What Is Dermaplaning and Should I Do It?

What Is Dermaplaning?

There is nothing quite like the silky feel of skin right after being dermaplaned. Once you have experienced this level of baby skin smoothness, it’s easy to become addicted to this treatment.

This being said, dermaplaning is NOT for everyone, and after reading my thoughts on this topic you will confidently know if this treatment is right for you.

Let’s start at the beginning. What is Dermaplaning?

Dermaplaning is a light to medium depth exfoliation treatment. It’s performed by a Licensed Aesthetician, PA, Nurse or MD using a surgical blade (sounds scary but it’s really not) designed specifically for the dermaplaning procedure. This blade glides across the skin at a forty-five degree angle shaving off surface debris and buildup with each swipe. The treatment is relaxing, painless and is a highly effective way to remove excess dead skin cells, and to prep the skin for deep penetration of active ingredients.

Licensed Aesthetician Jaime Carson

Several benefits include:  Temporarily reduced vellus hair or more commonly known as “peach fuzz”, an overall brighter complexion with a boosted glow. A reduction in the appearance of dark spots and sun-induced hyperpigmentation, and an improvement in the appearance of fine lines.

With all of these amazing benefits one may wonder: Who doesn’t want to be dermaplaned?! My response is, in my Nyc practice, I am discerning with whom I will and will not dermaplane. This ensures consistently happy clients and beautiful results across the board!

Here is an explanation of a few skin types I prefer not to dermaplane:

If you are a client with congested skin or many clogged pores who desires a deep cleanse with extractions then I would wait to try dermaplaning until one week after your skin has been professionally cleaned out. Dermaplaning leaves the surface of the skin temporarily fragile so I choose not to perform extractions in combination with  dermaplaning.

A second skin type I keep dermaplaning away from is a skin that is actively breaking out. Until the acne is in remission, this client is not a candidate since physical exfoliation can rupture and spread the breakouts. I include facial scrubs and microdermabrasion beneath my umbrella of No No’s until the acne has been brought under control.

If you have an abundance of fine to medium thick pigmented facial hair then I recommend being waxed before being dermaplaned. Or even avoiding dermaplaning altogether if you are comfortable leaving the hair as it is. Clients coping with facial hair often misunderstand that dermaplaning is an exfoliation and though it does scrape off peach fuzz, it is not designed to be a hair removal treatment and coarse hair will dull the blade. On top of that just trust me that most of you will not like the way the hair feels as it grows back in since it will have a prickly feel. This being said, I do have clients with fine brown facial hair scattered around their cheeks who don’t mind the way the hair feels growing in because they feel the visual improvement outweighs any negatives. If this seems like you, then you may love dermaplaning!

The last two skin types I do not recommend dermaplaning to are skins with rosacea or an abundance of visible broken capillaries. These skin conditions tend to be far too sensitive for any style of physical exfoliation.

Licensed Aesthetician Jaime Carson

If none of these contraindications sound like you then you may LOVE dermaplaning facials.

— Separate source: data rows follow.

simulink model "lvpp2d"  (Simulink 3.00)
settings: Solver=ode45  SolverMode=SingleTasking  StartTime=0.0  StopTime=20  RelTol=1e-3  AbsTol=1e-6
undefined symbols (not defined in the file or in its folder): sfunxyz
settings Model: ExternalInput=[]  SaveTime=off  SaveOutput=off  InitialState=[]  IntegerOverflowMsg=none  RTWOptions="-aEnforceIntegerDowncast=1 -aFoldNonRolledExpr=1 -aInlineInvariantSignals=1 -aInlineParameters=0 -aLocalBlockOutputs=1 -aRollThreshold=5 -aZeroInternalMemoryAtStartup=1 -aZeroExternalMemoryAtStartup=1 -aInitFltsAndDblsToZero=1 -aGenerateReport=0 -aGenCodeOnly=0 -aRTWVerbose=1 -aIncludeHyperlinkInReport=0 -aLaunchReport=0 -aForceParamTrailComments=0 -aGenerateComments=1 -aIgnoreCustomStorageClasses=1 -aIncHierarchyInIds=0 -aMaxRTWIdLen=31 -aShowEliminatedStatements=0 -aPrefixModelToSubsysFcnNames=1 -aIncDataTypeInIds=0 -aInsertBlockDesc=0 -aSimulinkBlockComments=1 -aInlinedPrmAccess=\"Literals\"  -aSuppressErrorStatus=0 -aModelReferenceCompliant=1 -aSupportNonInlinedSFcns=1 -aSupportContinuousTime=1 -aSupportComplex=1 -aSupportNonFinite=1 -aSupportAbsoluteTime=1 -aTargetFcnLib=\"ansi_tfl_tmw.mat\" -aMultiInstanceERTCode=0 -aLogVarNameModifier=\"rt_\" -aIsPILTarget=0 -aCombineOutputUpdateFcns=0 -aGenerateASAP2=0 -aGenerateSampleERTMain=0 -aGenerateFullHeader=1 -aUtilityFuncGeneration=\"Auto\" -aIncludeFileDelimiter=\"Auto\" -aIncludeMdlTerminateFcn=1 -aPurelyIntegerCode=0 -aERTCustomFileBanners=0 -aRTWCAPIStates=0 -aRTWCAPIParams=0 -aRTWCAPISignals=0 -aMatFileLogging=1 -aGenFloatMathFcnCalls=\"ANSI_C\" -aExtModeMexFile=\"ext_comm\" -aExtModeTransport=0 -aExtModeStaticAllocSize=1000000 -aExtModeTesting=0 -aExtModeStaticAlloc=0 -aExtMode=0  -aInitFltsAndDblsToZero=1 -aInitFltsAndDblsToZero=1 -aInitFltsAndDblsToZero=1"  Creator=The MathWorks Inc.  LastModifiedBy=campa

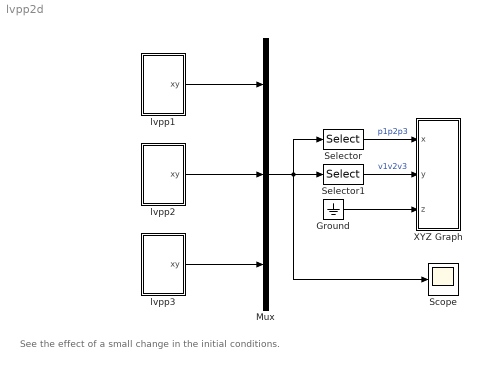
== system lvpp2d ==
  note: See the effect of a small change in the initial conditions.
  Ground : Ground
  Mux : Mux  Inputs=[2 2 2]
  Scope : Scope
      settings: TimeRange=20  YMin=0  YMax=400  SaveToWorkspace=off  SaveName=ScopeData
  Selector : Selector  Elements=[1 3 5]  InputPortWidth=6
  Selector1 : Selector  Elements=[2 4 6]  InputPortWidth=6
  XYZ Graph : Subsystem  LoadFcn=sfunxyz([],[],[],'LoadBlock')  StartFcn=sfunxyz([],[],[],'Start')  StopFcn=sfunxyz([],[],[],'Stop')  mask(XYZ multiscope){np=3, xlim=[-400 400], ylim=[-400 400], zlim=[0 1], cp=[0 0 1], gd=on, st=0.01}
      mask prompts: np "Number of lines"; xlim "[xmin xmax]"; ylim "[ymin ymax]"; zlim "[zmin zmax]"; cp "Camera position (use [0 0 1] for 2D XY view)"; gd "Grid"; st "Sample time:"
      mask help:
      | Multidimensional XYZ scope using MATLAB graph window.
      |    X,Y,Z coordinates are respectively the first,second, and third input.
      |    Enter the number of lines, the XYZ ranges, the camera position,
      |    and the sampling time, as mask parameters.
      settings: CopyFcn=sfunxyz([],[],[],'CopyBlock')  DeleteFcn=sfunxyz([],[],[],'DeleteBlock')  NameChangeFcn=sfunxyz([],[],[],'NameChange')
      mask Help:
      | This block can be used to explore limit cycles.
      |    Look at the m-file sfunxyz.m to see how it works.
      mask Display: plot([.05 .95 .95 .05 .05],[.45 .45 .95 .95 .45], 0.5+cos(0:0.1:2*pi)*0.3,0.7+sin(0:0.1:2*pi)*0.2)
  lvpp1 : Subsystem  mask(Lotka Volterra System){a=1, b=0.01, c=1, d=0.02, xy0=[20 20]}
      mask prompts: xy0 "Initial point p0 = [x0 y0]"
      mask help:
      | This autonomous system represents the lotka volterra prey predator model:
      |  xdot =  ax - bxy;   ydot = -cy +dxy
      |  where x represents the prey and y represents the predator.
      |  Parameters and initial state can be selected from the mask.
      mask Help:
      | This autonomous system represents the lotka volterra prey predator model.
      |  <p>
      |  The system equations are:
      |  xdot =  ax - bxy
      |  ydot = -cy +dxy
      |  where x represents the prey and y represents the predator.
      |  Parameters and initial state can be selected from the mask.
  lvpp2 : Subsystem  mask(Lotka Volterra System){a=1, b=0.01, c=1, d=0.02, xy0=[30 60]}
      mask prompts: xy0 "Initial point p0 = [x0 y0]"
      mask help:
      | This autonomous system represents the lotka volterra prey predator model:
      |  xdot =  ax - bxy;   ydot = -cy +dxy
      |  where x represents the prey and y represents the predator.
      |  Parameters and initial state can be selected from the mask.
      mask Help:
      | This autonomous system represents the lotka volterra prey predator model.
      |  <p>
      |  The system equations are:
      |  xdot =  ax - bxy
      |  ydot = -cy +dxy
      |  where x represents the prey and y represents the predator.
      |  Parameters and initial state can be selected from the mask.
  lvpp3 : Subsystem  mask(Lotka Volterra System){a=1, b=0.01, c=1, d=0.02, xy0=[50 100]*0.9}
      mask prompts: xy0 "Initial point p0 = [x0 y0]"
      mask help:
      | This autonomous system represents the lotka volterra prey predator model:
      |  xdot =  ax - bxy;   ydot = -cy +dxy
      |  where x represents the prey and y represents the predator.
      |  Parameters and initial state can be selected from the mask.
      mask Help:
      | This autonomous system represents the lotka volterra prey predator model.
      |  <p>
      |  The system equations are:
      |  xdot =  ax - bxy
      |  ydot = -cy +dxy
      |  where x represents the prey and y represents the predator.
      |  Parameters and initial state can be selected from the mask.
  wires:
  Mux/1 -> Selector1/1, Selector/1, Scope/1
  Selector/1 -> XYZ Graph/1(x)  "p1p2p3"
  Selector1/1 -> XYZ Graph/2(y)  "v1v2v3"
  Ground/1 -> XYZ Graph/3(z)
  lvpp1/1(xy) -> Mux/1
  lvpp2/1(xy) -> Mux/2
  lvpp3/1(xy) -> Mux/3

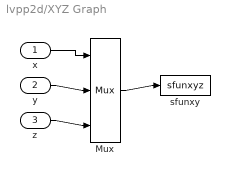
== system lvpp2d/XYZ Graph ==
  x : Inport  Port=1  PortWidth=-1  SampleTime=-1  DataType=auto
      settings: SignalType=auto
  y : Inport  Port=2  PortWidth=-1  SampleTime=-1  DataType=auto
      settings: SignalType=auto
  z : Inport  Port=3  PortWidth=-1  SampleTime=-1  DataType=auto
      settings: SignalType=auto
  Mux : Mux  Inputs=[np np np]
      settings: DisplayOption=none
  sfunxy : S-Function  FunctionName=sfunxyz  Parameters=[xlim ylim zlim],st,np,cp,gd  PortCounts=[]  SFunctionModules=''
  wires:
  z/1 -> Mux/3
  y/1 -> Mux/2
  x/1 -> Mux/1
  Mux/1 -> sfunxy/1

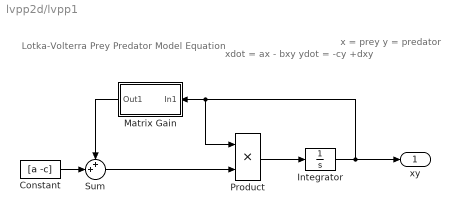
== system lvpp2d/lvpp1 ==
  note: Lotka-Volterra Prey Predator Model Equation
  note: xdot =  ax - bxy
      | ydot = -cy +dxy
  note: x = prey
      | y = predator
  Constant : Constant  Value=[a -c]
  Integrator : Integrator  ExternalReset=none  InitialConditionSource=internal  InitialCondition=xy0  LimitOutput=off  UpperSaturationLimit=inf  LowerSaturationLimit=-inf  ShowSaturationPort=off  ShowStatePort=off  AbsoluteTolerance=auto
  Matrix Gain : Subsystem  Orientation=left  mask(Matrix Gain){K=[0 -b;d 0]}
      mask prompts: K "Gain matrix:"
      mask help: Matrix Gain.
      mask Help: Multiplies input vector by entered matrix to produce output vector (y=Au).
      mask Display: disp('[0 -b; d 0]')
  Product : Product  Inputs=2  SaturateOnIntegerOverflow=on
  Sum : Sum  Inputs=++|  SaturateOnIntegerOverflow=off
  xy : Outport  Port=1
  wires:
  Constant/1 -> Sum/2
  Matrix Gain/1(Out1) -> Sum/1
  Product/1 -> Integrator/1
  Integrator/1 -> xy/1, Product/1, Matrix Gain/1(In1)
  Sum/1 -> Product/2

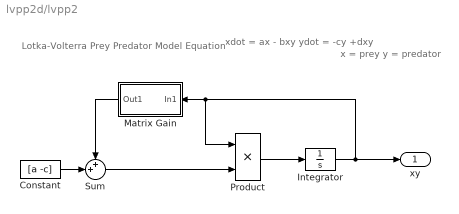
== system lvpp2d/lvpp2 ==
  note: x = prey
      | y = predator
  note: xdot =  ax - bxy
      | ydot = -cy +dxy
  note: Lotka-Volterra Prey Predator Model Equation
  Constant : Constant  Value=[a -c]
  Integrator : Integrator  ExternalReset=none  InitialConditionSource=internal  InitialCondition=xy0  LimitOutput=off  UpperSaturationLimit=inf  LowerSaturationLimit=-inf  ShowSaturationPort=off  ShowStatePort=off  AbsoluteTolerance=auto
  Matrix Gain : Subsystem  Orientation=left  mask(Matrix Gain){K=[0 -b;d 0]}
      mask prompts: K "Gain matrix:"
      mask help: Matrix Gain.
      mask Help: Multiplies input vector by entered matrix to produce output vector (y=Au).
      mask Display: disp('[0 -b; d 0]')
  Product : Product  Inputs=2  SaturateOnIntegerOverflow=on
  Sum : Sum  Inputs=++|  SaturateOnIntegerOverflow=off
  xy : Outport  Port=1
  wires:
  Sum/1 -> Product/2
  Integrator/1 -> Matrix Gain/1(In1), Product/1, xy/1
  Product/1 -> Integrator/1
  Matrix Gain/1(Out1) -> Sum/1
  Constant/1 -> Sum/2

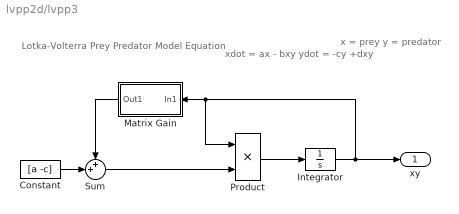
== system lvpp2d/lvpp3 ==
  note: Lotka-Volterra Prey Predator Model Equation
  note: xdot =  ax - bxy
      | ydot = -cy +dxy
  note: x = prey
      | y = predator
  Constant : Constant  Value=[a -c]
  Integrator : Integrator  ExternalReset=none  InitialConditionSource=internal  InitialCondition=xy0  LimitOutput=off  UpperSaturationLimit=inf  LowerSaturationLimit=-inf  ShowSaturationPort=off  ShowStatePort=off  AbsoluteTolerance=auto
  Matrix Gain : Subsystem  Orientation=left  mask(Matrix Gain){K=[0 -b;d 0]}
      mask prompts: K "Gain matrix:"
      mask help: Matrix Gain.
      mask Help: Multiplies input vector by entered matrix to produce output vector (y=Au).
      mask Display: disp('[0 -b; d 0]')
  Product : Product  Inputs=2  SaturateOnIntegerOverflow=on
  Sum : Sum  Inputs=++|  SaturateOnIntegerOverflow=off
  xy : Outport  Port=1
  wires:
  Constant/1 -> Sum/2
  Matrix Gain/1(Out1) -> Sum/1
  Product/1 -> Integrator/1
  Integrator/1 -> xy/1, Product/1, Matrix Gain/1(In1)
  Sum/1 -> Product/2

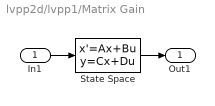
== system lvpp2d/lvpp1/Matrix Gain ==
  In1 : Inport  Port=1  PortWidth=-1  SampleTime=-1  DataType=auto
      settings: SignalType=auto
  State Space : StateSpace  A=[]  B=[]  C=[]  D=K  X0=0
  Out1 : Outport  Port=1
  wires:
  In1/1 -> State Space/1
  State Space/1 -> Out1/1

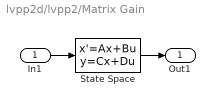
== system lvpp2d/lvpp2/Matrix Gain ==
  In1 : Inport  Port=1  PortWidth=-1  SampleTime=-1  DataType=auto
      settings: SignalType=auto
  State Space : StateSpace  A=[]  B=[]  C=[]  D=K  X0=0
  Out1 : Outport  Port=1
  wires:
  State Space/1 -> Out1/1
  In1/1 -> State Space/1

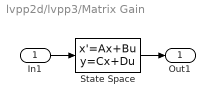
== system lvpp2d/lvpp3/Matrix Gain ==
  In1 : Inport  Port=1  PortWidth=-1  SampleTime=-1  DataType=auto
      settings: SignalType=auto
  State Space : StateSpace  A=[]  B=[]  C=[]  D=K  X0=0
  Out1 : Outport  Port=1
  wires:
  In1/1 -> State Space/1
  State Space/1 -> Out1/1

At Carson Skin Rejuvenation we enjoy layering dermaplaning with collagen building red LED or nourishing Biosonix vitamin infusion.

Dermaplaning is a perfect pre-wedding or pre-event facial since your makeup will lay flawlessly over your skin after the treatment. This is why it is a favorite among my models and makeup artists.

A series of  6 dermaplaning sessions spaced 4 weeks apart will give the skin a smoother texture, will brighten the skin’s tone and add a noticeable polished glow.